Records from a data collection
:::::

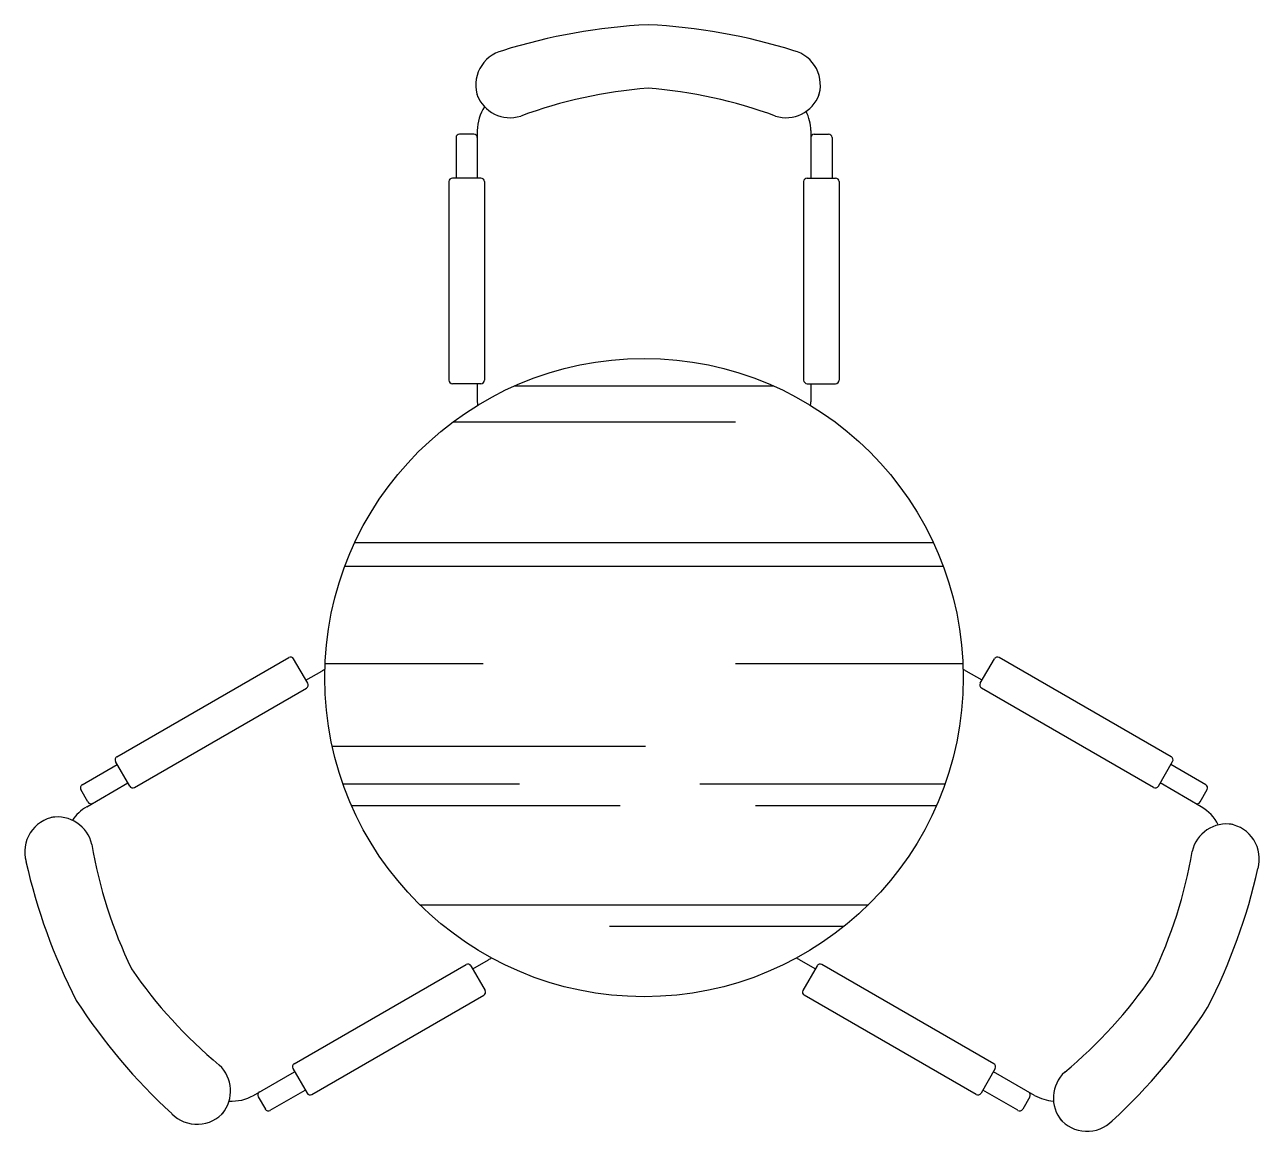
# Model space of a CAD drawing. Header units: millimetres. Extents: x -833.77 to -832.03, y 2617.44 to 2619.
import ezdxf

# ---------------------------------------------------------------- set-up
doc = ezdxf.new("R2010")
doc.units = ezdxf.units.MM
doc.header["$LTSCALE"] = 10
doc.layers.add('Móveis_mesas', color=2, linetype='Continuous')

msp = doc.modelspace()

# ---------------------------------------------------------------- hatches: boundary and pattern name
at = {"layer": 'Móveis_mesas'}
h = msp.add_hatch(dxfattribs=at)
h.set_pattern_fill('AR-RROOF', color=1, scale=0.01, style=0)
h.set_pattern_definition([(0, (-70.74727, 0), (0.5588, 0.254), [3.81, -0.508, 1.27, -0.254]), (0, (-70.40945, 0.127), (-0.254, 0.33782), [0.762, -0.08382, 1.524, -0.1905]), (0, (-70.62027, 0.2159), (1.3208, 0.17018), [2.032, -0.3556, 1.016, -0.254])])
edge = h.paths.add_edge_path()
edge.add_arc((-832.9012, 2618.0752), 0.45, 0, 360)

# ---------------------------------------------------------------- linework, layer by layer
for p, q in [((-832.6557, 2618.8936), (-832.6543, 2618.8974)), ((-833.1362, 2618.8466), (-833.1362, 2618.7796)), ((-832.6662, 2618.8466), (-832.6662, 2618.7796)), ((-833.1662, 2618.8367), (-833.1662, 2618.7796)), ((-833.1412, 2618.8417), (-833.1612, 2618.8417)), ((-832.6612, 2618.8417), (-832.6412, 2618.8417)), ((-832.6362, 2618.8367), (-832.6362, 2618.7796)), ((-833.1762, 2618.7746), (-833.1762, 2618.4947)), ((-833.1312, 2618.7796), (-833.1712, 2618.7796)), ((-833.1262, 2618.7746), (-833.1262, 2618.4947)), ((-832.6762, 2618.7746), (-832.6762, 2618.4947)), ((-832.6712, 2618.7796), (-832.6312, 2618.7796)), ((-832.6262, 2618.7746), (-832.6262, 2618.4947)), ((-833.1312, 2618.4897), (-833.1712, 2618.4897)), ((-833.1362, 2618.4897), (-833.1362, 2618.4639)), ((-832.6712, 2618.4897), (-832.6312, 2618.4897)), ((-832.6662, 2618.4897), (-832.6662, 2618.4639)), ((-833.6444, 2617.9637), (-833.402, 2618.1037)), ((-833.3752, 2618.0672), (-833.3952, 2618.1018)), ((-832.4273, 2618.0672), (-832.4073, 2618.1018)), ((-832.158, 2617.9637), (-832.4004, 2618.1037)), ((-833.3777, 2618.0715), (-833.3553, 2618.0844)), ((-832.4248, 2618.0715), (-832.4471, 2618.0844)), ((-833.6194, 2617.9204), (-833.377, 2618.0604)), ((-832.183, 2617.9204), (-832.4254, 2618.0604)), ((-833.6262, 2617.9222), (-833.6462, 2617.9569)), ((-832.1762, 2617.9222), (-832.1562, 2617.9569)), ((-833.6932, 2617.924), (-833.6437, 2617.9525)), ((-832.1092, 2617.924), (-832.1587, 2617.9525)), ((-833.6868, 2617.8931), (-833.6287, 2617.9266)), ((-832.1157, 2617.8931), (-832.1737, 2617.9266)), ((-833.685, 2617.8998), (-833.695, 2617.9172)), ((-832.1174, 2617.8998), (-832.1074, 2617.9172)), ((-833.7327, 2617.8787), (-833.7367, 2617.878)), ((-833.1427, 2617.6645), (-833.1203, 2617.6774)), ((-832.6598, 2617.6645), (-832.6821, 2617.6774)), ((-833.3944, 2617.5307), (-833.152, 2617.6706)), ((-833.1452, 2617.6688), (-833.1252, 2617.6342)), ((-832.6573, 2617.6688), (-832.6773, 2617.6342)), ((-832.408, 2617.5307), (-832.6504, 2617.6706)), ((-833.3694, 2617.4874), (-833.127, 2617.6273)), ((-832.433, 2617.4874), (-832.6754, 2617.6273)), ((-833.4518, 2617.486), (-833.3937, 2617.5195)), ((-833.3962, 2617.5239), (-833.3762, 2617.4892)), ((-832.4062, 2617.5239), (-832.4262, 2617.4892)), ((-832.3507, 2617.486), (-832.4087, 2617.5195)), ((-833.4282, 2617.465), (-833.3787, 2617.4935)), ((-832.3742, 2617.465), (-832.4237, 2617.4935)), ((-833.445, 2617.4842), (-833.435, 2617.4668)), ((-832.3574, 2617.4842), (-832.3674, 2617.4668)), ((-832.3152, 2617.4534), (-832.3126, 2617.4503))]:
    msp.add_line(p, q, dxfattribs=at)
at = {"layer": 'Móveis_mesas', "color": 3}
msp.add_circle((-832.9012, 2618.0752), 0.45, dxfattribs=at)
at = {"layer": 'Móveis_mesas'}
for centre, radius, start, end in [((-832.8534, 2618.1661), 0.8309, 92.8995, 107.3221), ((-832.9375, 2618.1661), 0.8309, 72.6779, 87.1005), ((-833.0884, 2618.9109), 0.05, 104.4541, 200.2794), ((-832.7026, 2618.9109), 0.05, 339.7206, 75.5459), ((-833.0898, 2618.9148), 0.05, 200.2794, 287.1624), ((-832.8452, 2618.2461), 0.6621, 94.3515, 110.3082), ((-832.9457, 2618.2461), 0.6621, 69.6918, 85.6485), ((-832.7012, 2618.9148), 0.05, 252.8376, 339.7206), ((-833.0762, 2618.8466), 0.06, 145.9655, 180), ((-832.7262, 2618.8466), 0.06, 0, 26.8035), ((-833.1612, 2618.8367), 0.005, 90, 180), ((-833.1412, 2618.8367), 0.005, 0, 90), ((-832.6612, 2618.8367), 0.005, 90, 180), ((-832.6412, 2618.8367), 0.005, 0, 90), ((-833.1712, 2618.7746), 0.005, 90, 180), ((-833.1312, 2618.7746), 0.005, 0, 90), ((-832.6712, 2618.7746), 0.005, 90, 180), ((-832.6312, 2618.7746), 0.005, 0, 90), ((-833.1712, 2618.4947), 0.005, 180, 270), ((-833.1312, 2618.4947), 0.005, 270, 0), ((-832.6712, 2618.4947), 0.005, 180, 270), ((-832.6312, 2618.4947), 0.005, 270, 0), ((-833.0862, 2618.4639), 0.05, 180, 185.4267), ((-832.7162, 2618.4639), 0.05, 354.5733, 0), ((-833.3995, 2618.0993), 0.005, 30, 120), ((-832.4029, 2618.0993), 0.005, 60, 150), ((-833.3303, 2618.0411), 0.05, 114.5733, 120), ((-832.4721, 2618.0411), 0.05, 60, 65.4267), ((-833.3795, 2618.0647), 0.005, 300, 30), ((-832.4229, 2618.0647), 0.005, 150, 240), ((-833.6419, 2617.9594), 0.005, 120, 210), ((-832.1605, 2617.9594), 0.005, 330, 60), ((-833.6907, 2617.9197), 0.005, 120, 210), ((-833.6219, 2617.9247), 0.005, 210, 300), ((-832.1805, 2617.9247), 0.005, 240, 330), ((-832.1117, 2617.9197), 0.005, 330, 60), ((-833.6568, 2617.8411), 0.06, 120, 146.8035), ((-833.6807, 2617.9023), 0.005, 210, 300), ((-832.1217, 2617.9023), 0.005, 240, 330), ((-832.1457, 2617.8411), 0.06, 25.9655, 60), ((-833.7242, 2617.8294), 0.05, 99.7206, 195.5459), ((-833.7283, 2617.8287), 0.05, 12.8376, 99.7206), ((-832.0799, 2617.8188), 0.05, 80.2794, 167.1624), ((-832.0839, 2617.8195), 0.05, 344.4541, 80.2794), ((-833.0269, 2617.9513), 0.6621, 189.6918, 205.6485), ((-832.9618, 2617.9984), 0.8309, 192.6779, 207.1005), ((-832.7812, 2617.9414), 0.6621, 334.3515, 350.3082), ((-832.8464, 2617.9884), 0.8309, 332.8995, 347.3221), ((-833.1453, 2617.7207), 0.05, 300, 305.4267), ((-832.6571, 2617.7207), 0.05, 234.5733, 240), ((-833.0771, 2618.0383), 0.6621, 214.3515, 230.3082), ((-833.1495, 2617.6663), 0.005, 30, 120), ((-832.6529, 2617.6663), 0.005, 60, 150), ((-832.731, 2618.0284), 0.6621, 309.6918, 325.6485), ((-833.1295, 2617.6317), 0.005, 300, 30), ((-832.6729, 2617.6317), 0.005, 150, 240), ((-833.0038, 2618.0712), 0.8309, 212.8995, 227.3221), ((-832.8044, 2618.0612), 0.8309, 312.6779, 327.1005), ((-833.534, 2617.4922), 0.05, 320.2794, 47.1624), ((-833.3919, 2617.5264), 0.005, 120, 210), ((-832.4105, 2617.5264), 0.005, 330, 60), ((-832.2742, 2617.4822), 0.05, 132.8376, 219.7206), ((-833.4818, 2617.538), 0.06, 265.9655, 300), ((-833.4407, 2617.4867), 0.005, 120, 210), ((-833.3719, 2617.4917), 0.005, 210, 300), ((-832.4305, 2617.4917), 0.005, 240, 330), ((-832.3617, 2617.4867), 0.005, 330, 60), ((-832.3207, 2617.538), 0.06, 240, 266.8035), ((-833.5313, 2617.4953), 0.05, 224.4541, 320.2794), ((-833.4307, 2617.4693), 0.005, 210, 300), ((-832.3717, 2617.4693), 0.005, 240, 330), ((-832.2768, 2617.4854), 0.05, 219.7206, 315.5459)]:
    msp.add_arc(centre, radius, start, end, dxfattribs=at)

doc.saveas('drawing.dxf')

:::::

### THE TASK:
Retype only the stretch of lines above starting at the one with "h.set_pattern_fill('AR-RROOF', color=1, scale=0.01, style=0)" and stopping at the one with "layer by layer", exactly as written, with both kept.

### RESPONSE:
h.set_pattern_fill('AR-RROOF', color=1, scale=0.01, style=0)
h.set_pattern_definition([(0, (-70.74727, 0), (0.5588, 0.254), [3.81, -0.508, 1.27, -0.254]), (0, (-70.40945, 0.127), (-0.254, 0.33782), [0.762, -0.08382, 1.524, -0.1905]), (0, (-70.62027, 0.2159), (1.3208, 0.17018), [2.032, -0.3556, 1.016, -0.254])])
edge = h.paths.add_edge_path()
edge.add_arc((-832.9012, 2618.0752), 0.45, 0, 360)

# ---------------------------------------------------------------- linework, layer by layer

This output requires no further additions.